MATERIAL SUPPLIED:
————————

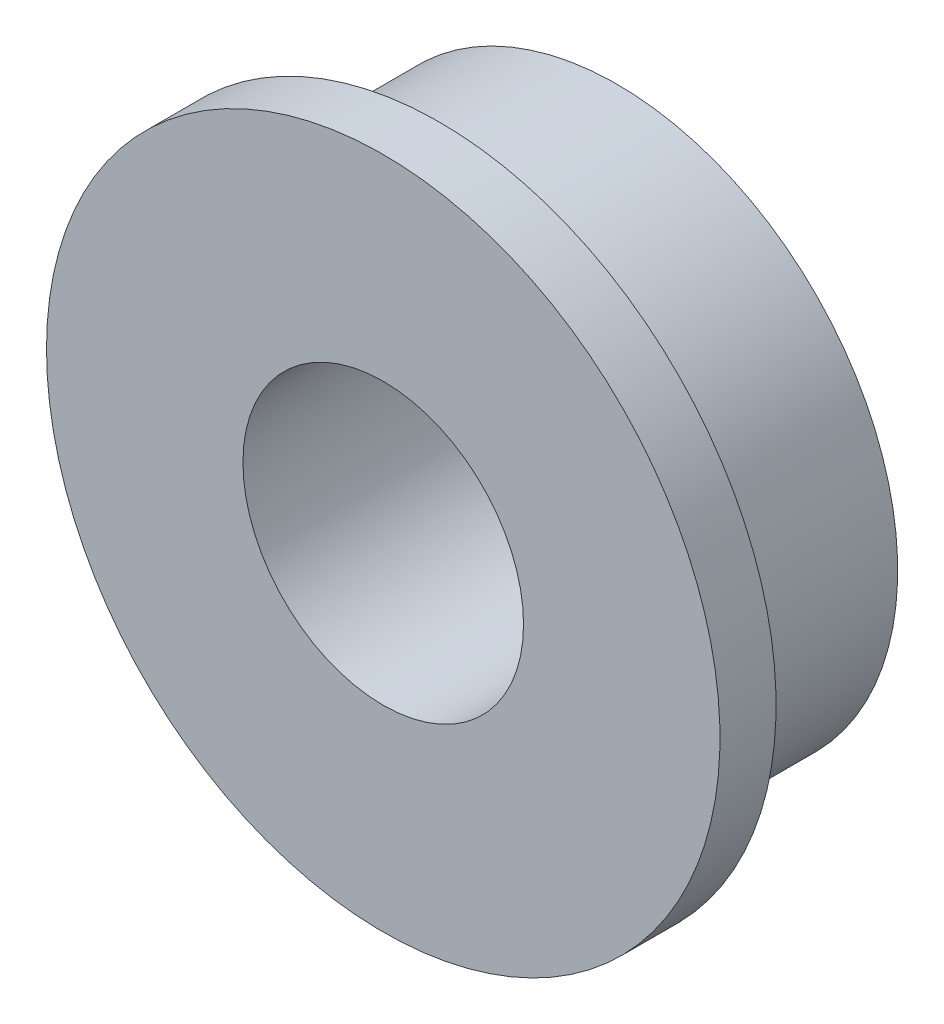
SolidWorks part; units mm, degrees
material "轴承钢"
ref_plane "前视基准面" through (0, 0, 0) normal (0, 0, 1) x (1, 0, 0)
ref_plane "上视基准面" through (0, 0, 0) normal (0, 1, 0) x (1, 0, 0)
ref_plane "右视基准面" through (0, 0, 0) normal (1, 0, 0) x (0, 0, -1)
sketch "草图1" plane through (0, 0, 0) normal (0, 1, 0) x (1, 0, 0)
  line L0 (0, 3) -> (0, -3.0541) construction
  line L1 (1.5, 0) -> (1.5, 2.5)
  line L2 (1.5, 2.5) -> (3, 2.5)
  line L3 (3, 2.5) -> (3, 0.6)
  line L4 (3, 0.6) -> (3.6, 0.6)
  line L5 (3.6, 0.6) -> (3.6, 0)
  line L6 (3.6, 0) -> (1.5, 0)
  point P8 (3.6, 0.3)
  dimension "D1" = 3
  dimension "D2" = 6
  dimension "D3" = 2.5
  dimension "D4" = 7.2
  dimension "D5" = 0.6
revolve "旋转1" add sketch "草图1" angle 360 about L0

————————

WHAT IS REQUIRED: Which lines run from the one holding "line L6 (3.6, 0) -> (1.5, 0)" through the end of the data? Write them out exactly, ends included, and add nothing.

ANSWER FOR THE TASK:
  line L6 (3.6, 0) -> (1.5, 0)
  point P8 (3.6, 0.3)
  dimension "D1" = 3
  dimension "D2" = 6
  dimension "D3" = 2.5
  dimension "D4" = 7.2
  dimension "D5" = 0.6
revolve "旋转1" add sketch "草图1" angle 360 about L0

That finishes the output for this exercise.